====== Input for this task ======

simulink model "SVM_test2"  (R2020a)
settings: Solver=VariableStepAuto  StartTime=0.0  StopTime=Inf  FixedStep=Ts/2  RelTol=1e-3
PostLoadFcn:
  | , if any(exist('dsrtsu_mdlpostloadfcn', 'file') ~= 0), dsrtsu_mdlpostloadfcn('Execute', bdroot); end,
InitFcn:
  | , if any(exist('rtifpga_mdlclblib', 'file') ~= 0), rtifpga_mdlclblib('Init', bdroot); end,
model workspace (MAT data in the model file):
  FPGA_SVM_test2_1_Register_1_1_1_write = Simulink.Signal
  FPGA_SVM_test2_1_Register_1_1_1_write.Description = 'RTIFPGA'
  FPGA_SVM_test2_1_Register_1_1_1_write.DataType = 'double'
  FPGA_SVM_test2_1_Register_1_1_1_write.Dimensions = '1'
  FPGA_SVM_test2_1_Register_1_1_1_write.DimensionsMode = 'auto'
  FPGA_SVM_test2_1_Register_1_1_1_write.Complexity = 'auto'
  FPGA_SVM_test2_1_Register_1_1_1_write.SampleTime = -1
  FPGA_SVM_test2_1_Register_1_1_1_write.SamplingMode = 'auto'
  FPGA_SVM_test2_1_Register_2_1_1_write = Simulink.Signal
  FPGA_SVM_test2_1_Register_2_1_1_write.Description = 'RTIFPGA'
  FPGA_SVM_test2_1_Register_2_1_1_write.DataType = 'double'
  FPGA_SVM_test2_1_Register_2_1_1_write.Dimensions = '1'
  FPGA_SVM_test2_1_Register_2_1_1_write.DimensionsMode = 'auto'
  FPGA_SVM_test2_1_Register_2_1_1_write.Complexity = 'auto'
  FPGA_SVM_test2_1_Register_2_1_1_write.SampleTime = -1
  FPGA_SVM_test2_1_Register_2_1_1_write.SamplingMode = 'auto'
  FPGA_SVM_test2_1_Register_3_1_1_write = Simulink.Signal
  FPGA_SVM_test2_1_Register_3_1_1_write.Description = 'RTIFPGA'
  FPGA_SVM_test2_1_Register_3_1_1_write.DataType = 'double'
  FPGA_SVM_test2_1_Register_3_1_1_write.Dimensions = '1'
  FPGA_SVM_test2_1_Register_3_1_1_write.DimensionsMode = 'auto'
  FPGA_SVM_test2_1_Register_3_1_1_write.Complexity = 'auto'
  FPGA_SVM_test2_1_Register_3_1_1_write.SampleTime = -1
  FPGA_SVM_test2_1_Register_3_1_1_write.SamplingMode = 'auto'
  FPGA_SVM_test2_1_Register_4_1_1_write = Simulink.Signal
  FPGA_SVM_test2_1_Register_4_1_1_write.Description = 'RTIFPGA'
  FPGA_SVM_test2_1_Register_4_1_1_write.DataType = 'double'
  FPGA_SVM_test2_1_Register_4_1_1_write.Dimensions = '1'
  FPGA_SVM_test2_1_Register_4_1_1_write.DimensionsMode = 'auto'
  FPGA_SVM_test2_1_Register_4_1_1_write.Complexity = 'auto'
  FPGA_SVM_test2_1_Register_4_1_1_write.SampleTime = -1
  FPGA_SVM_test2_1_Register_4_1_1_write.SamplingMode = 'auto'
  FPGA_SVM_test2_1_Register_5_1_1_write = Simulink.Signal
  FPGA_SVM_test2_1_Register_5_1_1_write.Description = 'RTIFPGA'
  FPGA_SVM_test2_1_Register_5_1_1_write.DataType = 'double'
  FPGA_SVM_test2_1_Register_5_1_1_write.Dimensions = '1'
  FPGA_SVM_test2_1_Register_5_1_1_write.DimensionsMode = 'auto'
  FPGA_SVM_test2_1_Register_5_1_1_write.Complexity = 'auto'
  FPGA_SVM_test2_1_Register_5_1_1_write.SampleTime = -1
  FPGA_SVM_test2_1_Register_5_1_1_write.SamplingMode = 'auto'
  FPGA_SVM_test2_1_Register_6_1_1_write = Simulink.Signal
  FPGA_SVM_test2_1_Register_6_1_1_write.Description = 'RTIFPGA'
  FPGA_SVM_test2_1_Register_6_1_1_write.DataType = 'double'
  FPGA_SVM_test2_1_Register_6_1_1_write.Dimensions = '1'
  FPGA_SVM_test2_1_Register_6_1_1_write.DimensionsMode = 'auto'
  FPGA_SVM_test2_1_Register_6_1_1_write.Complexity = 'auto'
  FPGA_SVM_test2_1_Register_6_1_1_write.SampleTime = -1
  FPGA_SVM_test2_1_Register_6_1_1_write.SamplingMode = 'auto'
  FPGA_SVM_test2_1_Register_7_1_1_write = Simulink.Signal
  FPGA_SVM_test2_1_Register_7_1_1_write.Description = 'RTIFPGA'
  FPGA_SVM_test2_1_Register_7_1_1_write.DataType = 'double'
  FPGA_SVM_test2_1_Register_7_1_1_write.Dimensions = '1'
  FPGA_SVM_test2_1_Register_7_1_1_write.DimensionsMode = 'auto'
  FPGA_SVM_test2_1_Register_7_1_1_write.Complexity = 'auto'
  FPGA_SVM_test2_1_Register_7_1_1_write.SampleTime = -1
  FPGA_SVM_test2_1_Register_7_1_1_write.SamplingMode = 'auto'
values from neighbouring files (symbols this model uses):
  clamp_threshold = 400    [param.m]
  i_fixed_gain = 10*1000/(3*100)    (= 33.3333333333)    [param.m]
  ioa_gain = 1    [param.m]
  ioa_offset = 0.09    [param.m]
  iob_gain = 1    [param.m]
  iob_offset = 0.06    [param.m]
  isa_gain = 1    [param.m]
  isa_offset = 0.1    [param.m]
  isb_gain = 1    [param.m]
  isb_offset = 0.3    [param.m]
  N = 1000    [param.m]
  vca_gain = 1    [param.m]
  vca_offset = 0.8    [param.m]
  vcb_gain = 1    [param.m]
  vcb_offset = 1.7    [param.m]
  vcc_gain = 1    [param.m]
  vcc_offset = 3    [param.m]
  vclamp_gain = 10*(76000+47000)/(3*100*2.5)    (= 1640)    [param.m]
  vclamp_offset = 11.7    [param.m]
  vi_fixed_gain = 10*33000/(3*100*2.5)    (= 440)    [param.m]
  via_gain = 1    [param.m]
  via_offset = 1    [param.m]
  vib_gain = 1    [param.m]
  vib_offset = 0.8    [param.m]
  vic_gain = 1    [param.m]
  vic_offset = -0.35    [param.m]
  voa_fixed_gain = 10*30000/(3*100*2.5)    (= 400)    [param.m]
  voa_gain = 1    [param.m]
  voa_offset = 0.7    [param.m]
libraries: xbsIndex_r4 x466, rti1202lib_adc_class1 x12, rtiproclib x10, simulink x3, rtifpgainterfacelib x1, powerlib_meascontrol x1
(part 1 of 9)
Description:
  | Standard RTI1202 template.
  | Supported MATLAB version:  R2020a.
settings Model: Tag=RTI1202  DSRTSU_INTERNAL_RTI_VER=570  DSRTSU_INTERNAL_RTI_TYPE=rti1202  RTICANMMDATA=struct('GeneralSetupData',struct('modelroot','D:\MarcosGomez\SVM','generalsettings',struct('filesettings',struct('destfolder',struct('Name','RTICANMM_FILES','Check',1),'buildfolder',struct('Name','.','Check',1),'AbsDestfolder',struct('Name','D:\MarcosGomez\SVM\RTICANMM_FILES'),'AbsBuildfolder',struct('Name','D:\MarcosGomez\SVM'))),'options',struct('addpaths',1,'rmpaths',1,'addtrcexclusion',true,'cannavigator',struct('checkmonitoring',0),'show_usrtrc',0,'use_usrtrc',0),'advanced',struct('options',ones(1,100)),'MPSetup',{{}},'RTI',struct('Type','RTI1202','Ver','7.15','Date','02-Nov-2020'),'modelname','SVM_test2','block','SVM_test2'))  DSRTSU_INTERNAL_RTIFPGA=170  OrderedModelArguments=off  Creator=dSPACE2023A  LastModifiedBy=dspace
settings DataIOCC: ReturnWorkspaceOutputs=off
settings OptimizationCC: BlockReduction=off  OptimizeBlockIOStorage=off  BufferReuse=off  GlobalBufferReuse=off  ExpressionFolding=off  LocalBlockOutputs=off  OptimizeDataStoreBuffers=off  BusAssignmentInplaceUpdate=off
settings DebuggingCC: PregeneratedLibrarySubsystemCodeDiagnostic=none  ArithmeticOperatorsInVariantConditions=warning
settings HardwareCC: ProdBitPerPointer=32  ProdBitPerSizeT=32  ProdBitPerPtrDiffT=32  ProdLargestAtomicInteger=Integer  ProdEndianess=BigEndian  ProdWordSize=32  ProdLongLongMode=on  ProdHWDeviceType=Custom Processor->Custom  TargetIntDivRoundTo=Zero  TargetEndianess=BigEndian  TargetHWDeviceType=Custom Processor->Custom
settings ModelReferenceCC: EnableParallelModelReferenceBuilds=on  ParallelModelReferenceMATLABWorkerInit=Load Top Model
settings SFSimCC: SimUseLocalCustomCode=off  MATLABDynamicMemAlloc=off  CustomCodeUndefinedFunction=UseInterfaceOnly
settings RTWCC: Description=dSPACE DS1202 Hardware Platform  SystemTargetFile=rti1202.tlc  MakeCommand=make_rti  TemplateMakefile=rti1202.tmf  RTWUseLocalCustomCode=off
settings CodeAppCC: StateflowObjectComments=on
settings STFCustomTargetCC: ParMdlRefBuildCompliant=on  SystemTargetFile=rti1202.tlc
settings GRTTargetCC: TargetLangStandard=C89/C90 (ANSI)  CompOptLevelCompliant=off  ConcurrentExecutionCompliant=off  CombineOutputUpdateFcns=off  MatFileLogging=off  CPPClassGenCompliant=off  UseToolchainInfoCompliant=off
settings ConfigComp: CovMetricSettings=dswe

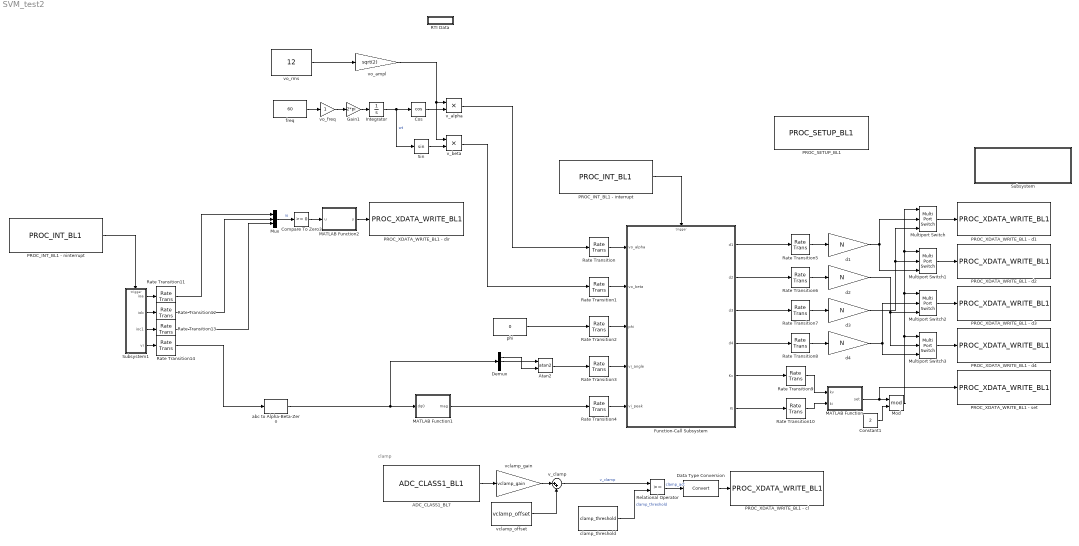
== system SVM_test2 ==
  note: clamp
  ADC_CLASS1_BL7 : rti1202lib_adc_class1/ADC_CLASS1_BL1  DSProperties=struct('RTI',struct('Version',uint32(1),'BlockType',struct('isSLSource',uint8(1),'isSLSink',uint8(1),'isHWSource',uint8(0),'isHWSink',uint8(1),'isSetup',uint8(0),'isInline',uint8(1),'isNonInline',uint8(0),'isInterrupt',uint8(0),'isChannelwise',uint8(1)),'IOBoardType',{{'DS120X','STD','ADCC1'}},'UnitType','ADC','Identifier','ADC','DialogType','ML','BlockSet','NONE','SlaveProcessor','NONE'))  RTIBlockInterface=struct('InputPortsActive',0,'InputPortsWidth',int32(1),'InputPortsDataType',{{'SS_BOOLEAN'}},'InputPortsName',{{'Continue'}},'OutputPortsActive',[1 0],'OutputPortsWidth',int32([1 1]),'OutputPortsDataType',{{'SS_DOUBLE','SS_INT16'}},'OutputPortsName',{{'ADC','Status'}},'DialogFcn','rti120xstdadcc1adcgui','SampleTime',{{-1}},'InitLevel',3,'IconTransparency','on','BlockDisplay',{{['ADC CL1\nChannel: 7'],'center'}},'BlockName',struct('Token',{{'ADC_CLASS1_BL1'}}))  RTIBlockParameters=struct('ReadMode',{{1,'OFF',[1 2]}},'ChannelNo',{{7,'OFF',[]}},'ConversionMode',{{1,'OFF',[1 2]}},'TriggerSource',{{1,'OFF',[1 2]}},'TriggerLineIn',{{1,'OFF',[1 16]}},'SampleMode',{{1,'OFF',[1 2]}},'BurstTriggerSource',{{1,'OFF',[1 2]}},'BurstTriggerLine',{{1,'OFF',[1 16]}},'ConvTriggerSource',{{3,'OFF',[1 3]}},'ConvTriggerLine',{{1,'OFF',[1 16]}},'ConvPeriod',{{'100e-6','OFF',[1e-6 1.34]}},'ConvPeriodCheck',{{0,'OFF',[]}},'BurstSize',{{'10','OFF',[]}},'BurstSizeCheck',{{0,'OFF',[]}},'DataSetOffset',{{'0','OFF',[]}},'DataSetOffsetCheck',{{0,'OFF',[]}},'DataSetLength',{{'1','OFF',[]}},'DataSetLengthCheck',{{0,'OFF',[]}},'EnableTriggerEvent',{{0,'OFF',[0 1]}},'TriggerMode',{{2,'OFF',[1 3]}},'TriggerLineOut',{{1,'OFF',[1 16]}},'ADCSWStartEnable',{{0,'OFF',[0 1]}},'SampleTime',{{'-1','OFF',[-1 inf]}},'SampleTimeCheck',{{1,'OFF',[]}},'StatusPortEnable',{{0,'OFF',[0 1]}},'TLCFileName',{{'rti120xadc_c1_adc','OFF',[]}})  RTISFcnParameters=struct('ReadMode','int16','ChannelNo','int16','ConversionMode','int16','TriggerSource','int16','TriggerLineIn','int16','SampleMode','int16','BurstTriggerSource','int16','BurstTriggerLine','int16','ConvTriggerSource','int16','ConvTriggerLine','int16','ConvPeriod','double','BurstSize','int16','DataSetOffset','int16','DataSetLength','int16','EnableTriggerEvent','int16','TriggerMode','int16','TriggerLineOut','int16','ADCSWStartEnable','int16','SampleTime','double','StatusPortEnable','int16','TLCFileName','char')  RTIBlockParaDefault=struct('ReadMode',1,'ChannelNo',1,'ConversionMode',1,'TriggerSource',1,'TriggerLineIn',1,'SampleMode',1,'BurstTriggerSource',1,'BurstTriggerLine',1,'ConvTriggerSource',3,'ConvTriggerLine',1,'ConvPeriod',0.0001,'ConvPeriodCheck',0,'BurstSize',10,'BurstSizeCheck',0,'DataSetOffset',0,'DataSetOffsetCheck',0,'DataSetLength',1,'DataSetLengthCheck',0,'EnableTriggerEvent',0,'TriggerMode',2,'TriggerLineOut',1,'ADCSWStartEnable',0,'SampleTime',-1,'SampleTimeCheck',1,'StatusPortEnable',0,'TLCFileName','rti120xadc_c1_adc')
  Atan2 : Trigonometry  Operator=atan2
  Compare To Zero3 : simulink/Logic and Bit Operations/Compare To Zero  relop=>=  OutDataTypeStr=boolean
  Constant1 : Constant  Value=2
  Cos : Trigonometry  Operator=cos
  Data Type Conversion : DataTypeConversion
  Demux : Demux  Outputs=3
  Function-Call Subsystem : Subsystem  TreatAsAtomicUnit=on
  Gain1 : Gain  Gain=2*pi
  Integrator : Integrator
  MATLAB Function : MATLAB Function  TreatAsAtomicUnit=on
  MATLAB Function1 : MATLAB Function  TreatAsAtomicUnit=on
  MATLAB Function2 : MATLAB Function  TreatAsAtomicUnit=on
  Mod : Math  Operator=mod  SaturateOnIntegerOverflow=on
  Multiport Switch{,1..3} (4 alike) : MultiPortSwitch  DataPortOrder=Zero-based contiguous  Inputs=2  zeroidx=on
  Mux : Mux  Inputs=3
  PROC_INT_BL1 - interrupt : rtiproclib/PROC_INT_BL1  DSProperties=struct('RTI',struct('Version',uint32(4),'BlockType',struct('isSLSource',uint8(1),'isSLSink',uint8(0),'isHWSource',uint8(0),'isHWSink',uint8(0),'isSetup',uint8(1),'isInline',uint8(1),'isNonInline',uint8(0),'isInterrupt',uint8(0),'isChannelwise',uint8(0)),'IOBoardType','DSPROC','UnitType','','Identifier','INT','DialogType','ML','BlockSet','DSPROC','SlaveProcessor',''))  RTIBlockInterface=struct('OutputPortsActive',1,'OutputPortsWidth',int32(1),'OutputPortsName',{{'Interrupt'}},'FunctionCall',uint32(0),'DialogFcn','rtiprocintgui','InitLevel',3,'BlockDisplay',{{['Interrupt In 1\ninterrupt \nBoard: 1'],'center'}},'IconTransparency','on','BlockName',struct('Token',{{'PROC_INT_BL1'}}))  RTIBlockParameters=struct('BoardNo',{{'1','OFF',[1 16]}},'ChannelNo',{{'1','OFF',[1 8]}},'AccessTyp',{{'Interrupt','OFF',[]}},'BinaryPoint',{{'0','OFF',[]}},'DataFormat',{{'unsigned','OFF',[]}},'BufferLength',{{'0','OFF',[]}},'MultiChAccess',{{'0','OFF',[]}},'ModelPortBlock',{{{struct('BlockId','','SignalId','')},'OFF',[]}})  RTISFcnParameters=struct('BoardNo','double','ChannelNo','double','AccessTyp','char','BinaryPoint','double','DataFormat','char','BufferLength','double')  RTIBlockParaDefault=struct('BoardNo','1','ChannelNo','1','AccessTyp','Interrupt','BinaryPoint','10','DataFormat','unsigned','BufferLength','0','MultiChAccess','0','ModelPortBlock',{{struct('BlockId','','SignalId','')}})
  PROC_INT_BL1 - ninterrupt : rtiproclib/PROC_INT_BL1  DSProperties=struct('RTI',struct('Version',uint32(4),'BlockType',struct('isSLSource',uint8(1),'isSLSink',uint8(0),'isHWSource',uint8(0),'isHWSink',uint8(0),'isSetup',uint8(1),'isInline',uint8(1),'isNonInline',uint8(0),'isInterrupt',uint8(0),'isChannelwise',uint8(0)),'IOBoardType','DSPROC','UnitType','','Identifier','INT','DialogType','ML','BlockSet','DSPROC','SlaveProcessor',''))  RTIBlockInterface=struct('OutputPortsActive',1,'OutputPortsWidth',int32(1),'OutputPortsName',{{'Interrupt'}},'FunctionCall',uint32(0),'DialogFcn','rtiprocintgui','InitLevel',3,'BlockDisplay',{{['Interrupt In 2\nninterrupt \nBoard: 1'],'center'}},'IconTransparency','on','BlockName',struct('Token',{{'PROC_INT_BL1'}}))  RTIBlockParameters=struct('BoardNo',{{'1','OFF',[1 16]}},'ChannelNo',{{'2','OFF',[1 8]}},'AccessTyp',{{'Interrupt','OFF',[]}},'BinaryPoint',{{'0','OFF',[]}},'DataFormat',{{'unsigned','OFF',[]}},'BufferLength',{{'0','OFF',[]}},'MultiChAccess',{{'0','OFF',[]}},'ModelPortBlock',{{{struct('BlockId','','SignalId','')},'OFF',[]}})  RTISFcnParameters=struct('BoardNo','double','ChannelNo','double','AccessTyp','char','BinaryPoint','double','DataFormat','char','BufferLength','double')  RTIBlockParaDefault=struct('BoardNo','1','ChannelNo','1','AccessTyp','Interrupt','BinaryPoint','10','DataFormat','unsigned','BufferLength','0','MultiChAccess','0','ModelPortBlock',{{struct('BlockId','','SignalId','')}})
  PROC_SETUP_BL1 : rtiproclib/PROC_SETUP_BL1  DSProperties=struct('RTI',struct('Version',uint32(3),'BlockType',struct('isSLSource',uint8(0),'isSLSink',uint8(0),'isHWSource',uint8(0),'isHWSink',uint8(0),'isSetup',uint8(1),'isInline',uint8(1),'isNonInline',uint8(0),'isInterrupt',uint8(0),'isChannelwise',uint8(0)),'IOBoardType','DSPROC','UnitType','SETUP','Identifier','SETUP','DialogType','ML','BlockSet','NONE','SlaveProcessor',''))  RTIBlockInterface=struct('OutputPortsWidth',int32(0),'OutputPortsActive',0,'InitLevel',3,'DialogFcn','rtiprocsetupgui','BlockDisplay',{{['Processor Setup'],'auto'}},'IconTransparency','off','BlockName',struct('Token',{{'PROC_SETUP_BL1'}}))  RTIBlockParameters=struct('NumBoardsUsed',{{1,'OFF',[1 16]}},'ModelMode',{{1,'OFF',[]}},'IniFileList',{{struct('Fullname','','Filename','','Relname','','Assigned',0),'OFF',[]}},'SubsysList',{{struct('SharedAccess',1,'SetupBlockHandle',23837.00439453125,'SetupBlockName','FPGA_SETUP_BL1','SubsysName','Subsystem','SubsysHandle',14037.020629882813,'SubsysPath','/Subsystem','Assigned',1,'IniFilePath','D:\MarcosGomez\SVM\SVM_test2_rtiFPGA/INI/Subsystem_96F06F45D83184.ini','IniFileName','Subsystem_96F06F45D83184','IniFileDate',739590.85696759261),'OFF',[]}},'AssignList',{{struct('BoardNumber',{1,2,3,4,5,6,7,8,9,10,11,12,13,14,15,16},'ModelType',{1,0,0,0,0,0,0,0,0,0,0,0,0,0,0,0},'ModelNo',{1,0,0,0,0,0,0,0,0,0,0,0,0,0,0,0},'ProgOption',{2,0,0,0,0,0,0,0,0,0,0,0,0,0,0,0},'IncludeBuild',{1,0,0,0,0,0,0,0,0,0,0,0,0,0,0,0},'IncludeProcAppl',{true,0,0,0,0,0,0,0,0,0,0,0,0,0,0,0}),'OFF',[]}},'ProcSetupHandles',{{-1,'OFF',[]}},'MaxNumBoards',{{16,'OFF',[]}},'ModelPath',{{'D:\MarcosGomez\SVM','OFF',[]}},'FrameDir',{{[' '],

======

- **Task item**
Your reply should be only the number of lines in the preceding data that include the word "DimensionsMode".

- **Response to this exercise**
7